PROBLEM DETAILS> Find the lines in the records that carry the word "standard". Copy each one.

Items from a dataset>
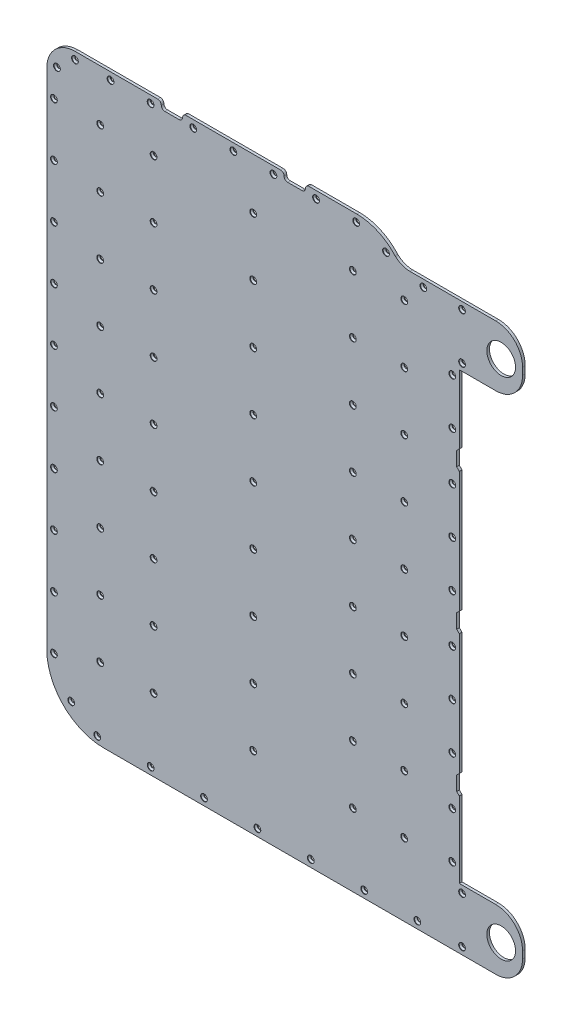
SolidWorks part; units mm, degrees
ref_plane "Front Plane" through (0, 0, 0) normal (0, 0, 1) x (1, 0, 0)
ref_plane "Top Plane" through (0, 0, 0) normal (0, 1, 0) x (1, 0, 0)
ref_plane "Right Plane" through (0, 0, 0) normal (1, 0, 0) x (0, 0, -1)
ref_plane "Plane1" through (0, 0, 1.5) normal (0, 0, 1) x (1, 0, 0)
sketch "Sketch1" plane through (0, 0, 1.5) normal (0, 0, 1) x (1, 0, 0)
  line L0 (267.3541, 331) -> (0, 331)
  line L1 (0, 331) -> (0, 0)
  line L2 (0, 0) -> (267.3541, 0)
  line L3 (267.3541, 0) -> (267.3541, 331)
extrude "Boss-Extrude1" add sketch "Sketch1" against normal blind 1.5
sketch "Sketch2" plane through (0, 0, 0) normal (0, 0, -1) x (-1, 0, 0)
  line L0 (-267.3541, 284) -> (-267.3541, 33.9844)
  line L1 (-267.3541, 33.9844) -> (-231.8079, 33.9844)
  line L2 (-231.8079, 33.9844) -> (-231.8148, 76.5759)
  line L3 (-231.8148, 76.5759) -> (-230.3541, 78)
  line L4 (-230.3541, 78) -> (-230.3541, 86)
  line L5 (-230.3541, 86) -> (-231.8165, 87.5)
  line L6 (-231.8165, 87.5) -> (-231.8274, 155.5)
  line L7 (-231.8274, 155.5) -> (-230.3541, 157)
  line L8 (-230.3541, 157) -> (-230.3541, 165)
  line L9 (-230.3541, 165) -> (-231.8292, 166.5)
  line L10 (-231.8292, 166.5) -> (-231.8401, 234.5)
  line L11 (-231.8401, 234.5) -> (-230.3541, 236)
  line L12 (-230.3541, 236) -> (-230.3541, 244)
  line L13 (-230.3541, 244) -> (-231.8419, 245.5)
  line L14 (-231.8419, 245.5) -> (-231.8481, 284)
  line L15 (-231.8481, 284) -> (-267.3541, 284)
extrude "Cut-Extrude1" cut sketch "Sketch2" against normal through all
sketch "Sketch3" plane through (0, 0, 0) normal (0, 0, -1) x (-1, 0, 0)
  line L0 (-174.2254, 331) -> (-267.3541, 331)
  line L1 (-267.3541, 331) -> (-267.3541, 318)
  line L2 (-267.3541, 318) -> (-199.4999, 318)
  line L3 (-199.4999, 318) -> (-195.6927, 321.4126)
  arc A0 (-195.6927, 321.4126) -> (-174.2254, 331) centre (-174.1533, 302.0108) cw
extrude "Cut-Extrude2" cut sketch "Sketch3" against normal through all
sketch "Sketch4" plane through (0, 0, 0) normal (0, 0, -1) x (-1, 0, 0)
  line L0 (-131.3541, 331) -> (-147.3541, 331)
  line L1 (-143.3541, 327) -> (-135.3541, 327)
  arc A0 (-147.3541, 331) -> (-145.3541, 329) centre (-147.3541, 329) cw
  arc A1 (-145.3541, 329) -> (-143.3541, 327) centre (-143.3541, 329) ccw
  arc A2 (-135.3541, 327) -> (-133.3541, 329) centre (-135.3541, 329) ccw
  arc A3 (-133.3541, 329) -> (-131.3541, 331) centre (-131.3541, 329) cw
extrude "Cut-Extrude3" cut sketch "Sketch4" against normal through all
sketch "Sketch5" plane through (0, 0, 0) normal (0, 0, -1) x (-1, 0, 0)
  line L0 (-62.3259, 331) -> (-78.3259, 331)
  line L1 (-74.3259, 327) -> (-66.3259, 327)
  arc A0 (-78.3259, 331) -> (-76.3259, 329) centre (-78.3259, 329) cw
  arc A1 (-76.3259, 329) -> (-74.3259, 327) centre (-74.3259, 329) ccw
  arc A2 (-66.3259, 327) -> (-64.3259, 329) centre (-66.3259, 329) ccw
  arc A3 (-64.3259, 329) -> (-62.3259, 331) centre (-62.3259, 329) cw
extrude "Cut-Extrude4" cut sketch "Sketch5" against normal through all
hole_wizard "M14 Clearance Hole1" positions "Sketch7" profile "Sketch6" hole size "M14" standard "ANSI Metric"
sketch "Sketch7" plane through (0, 0, 1.5) normal (0, 0, 1) x (1, 0, 0)
  point P0 (255.3541, 16.9922)
  point P1 (255.3541, 301.0078)
sketch "Sketch6" plane through (255.3541, 16.9922, 1.5) normal (1, 0, 0) x (0, -1, 0)
  line L0 (0, 0) -> (0, 1.5)
  line L1 (0, 1.5) -> (8.075, 1.5)
  line L2 (8.075, 1.5) -> (8.075, 0)
  line L5 (8.075, 0) -> (0, 0)
  line L11 (0, -6.35) -> (0, 107.95) construction
  dimension "Thru Hole Dia." = 16.15
  dimension "Thru Hole Depth" = 1.5
hole_wizard "CSK for M2 Flat Head Machine Screw1" positions "Sketch9" profile "Sketch8" countersink size "M2" standard "ANSI Metric"
sketch "Sketch9" plane through (0, 0, 1.5) normal (0, 0, 1) x (1, 0, 0)
  point P0 (178.3541, 4)
  point P1 (116, 106.1)
  point P2 (60, 236.9)
  point P3 (30, 138.8)
  point P4 (118.3541, 4)
  point P5 (28.3541, 4)
  point P6 (227.8315, 95.5)
  point P7 (30, 269.6)
  point P8 (116, 236.9)
  point P9 (227.8399, 147.5)
  point P10 (172, 171.5)
  point P11 (58.3541, 4)
  point P12 (30, 171.5)
  point P13 (200.8329, 73.4)
  point P14 (4, 242)
  point P15 (60, 40.7)
  point P16 (4, 152)
  point P17 (13.7, 13.5)
  point P18 (15.8259, 326.8572)
  point P19 (227.8442, 174.5)
  point P20 (200.8592, 236.9)
  point P21 (4, 302)
  point P22 (151.3173, 326.8572)
  point P23 (173.8541, 326.8572)
  point P24 (200.8644, 269.6)
  point P25 (233.3541, 314)
  point P26 (190.6047, 320.573)
  point P27 (227.8526, 226.5)
  point P28 (30, 106.1)
  point P29 (227.8611, 279.5)
  point P30 (172, 236.9)
  point P31 (227.823, 42.5)
  point P32 (116, 269.6)
  point P33 (35.8259, 326.8572)
  point P34 (172, 302.3)
  point P35 (116, 302.3)
  point P36 (116, 171.5)
  point P37 (116, 138.8)
  point P38 (4, 32)
  point P39 (5.7053, 318.108)
  point P40 (172, 204.2)
  point P41 (200.8277, 40.7)
  point P42 (172, 73.4)
  point P43 (60, 106.1)
  point P44 (4, 272)
  point P45 (127.3541, 326.8572)
  point P46 (60, 138.8)
  point P47 (4, 212)
  point P48 (233.3541, 29.9844)
  point P49 (227.8272, 68.5)
  point P50 (60, 73.4)
  point P51 (200.8697, 302.3)
  point P52 (200.8434, 138.8)
  point P53 (82.3541, 326.8572)
  point P54 (104.8541, 326.8572)
  point P55 (60, 302.3)
  point P56 (58.3259, 326.8572)
  point P57 (116, 204.2)
  point P58 (88.3541, 4)
  point P59 (30, 40.7)
  point P60 (116, 73.4)
  point P61 (233.3541, 288)
  point P62 (211.6057, 314)
  point P63 (227.8569, 253.5)
  point P64 (200.8539, 204.2)
  point P65 (227.8484, 200.5)
  point P66 (200.8487, 171.5)
  point P67 (60, 269.6)
  point P68 (172, 269.6)
  point P69 (60, 171.5)
  point P70 (4, 122)
  point P71 (148.3541, 4)
  point P72 (4, 62)
  point P73 (116, 40.7)
  point P74 (4, 92)
  point P75 (30, 204.2)
  point P76 (30, 236.9)
  point P77 (172, 106.1)
  point P78 (227.8357, 121.5)
  point P79 (200.8382, 106.1)
  point P80 (4, 182)
  point P81 (60, 204.2)
  point P82 (172, 40.7)
  point P83 (208.2291, 4)
  point P84 (172, 138.8)
  point P85 (30, 73.4)
  point P86 (233.3541, 4)
  point P87 (30, 302.3)
sketch "Sketch8" plane through (178.3541, 4, 1.5) normal (1, 0, 0) x (0, -1, 0)
  line L0 (0, 0) -> (0, 1.5)
  line L1 (0, 1.5) -> (1.1, 1.5)
  line L2 (1.1, 1.5) -> (1.1, 1.1)
  line L3 (1.1, 1.1) -> (1.9, 0.3)
  line L4 (1.9, 0.3) -> (1.9, 0)
  line L6 (1.9, 0) -> (0, 0)
  line L7 (-1.1, 1.1) -> (-1.9, 0.3) construction
  line L11 (0, -6.35) -> (0, 107.95) construction
  dimension "Thru Hole Dia." = 2.2
  dimension "Thru Hole Depth" = 1.5
  dimension "C'Sink Dia." = 3.8
  dimension "C'Sink Angle" = 90
  dimension "Head Clearance" = 0.3
fillet "Fillet1" radius 12 1 edges at (199.4999, 318, 0.75)
fillet "Fillet2" radius 16 1 edges at (0, 331, 0.75)
fillet "Fillet3" radius 32 1 edges at (0, 0, 0.75)
fillet "Fillet4" radius 15 4 edges at (267.3541, 318, 0.75) (267.3541, 284, 0.75) (267.3541, 33.9844, 0.75) (267.3541, 0, 0.75)

PROBLEM SOLUTION>
hole_wizard "M14 Clearance Hole1" positions "Sketch7" profile "Sketch6" hole size "M14" standard "ANSI Metric"
hole_wizard "CSK for M2 Flat Head Machine Screw1" positions "Sketch9" profile "Sketch8" countersink size "M2" standard "ANSI Metric"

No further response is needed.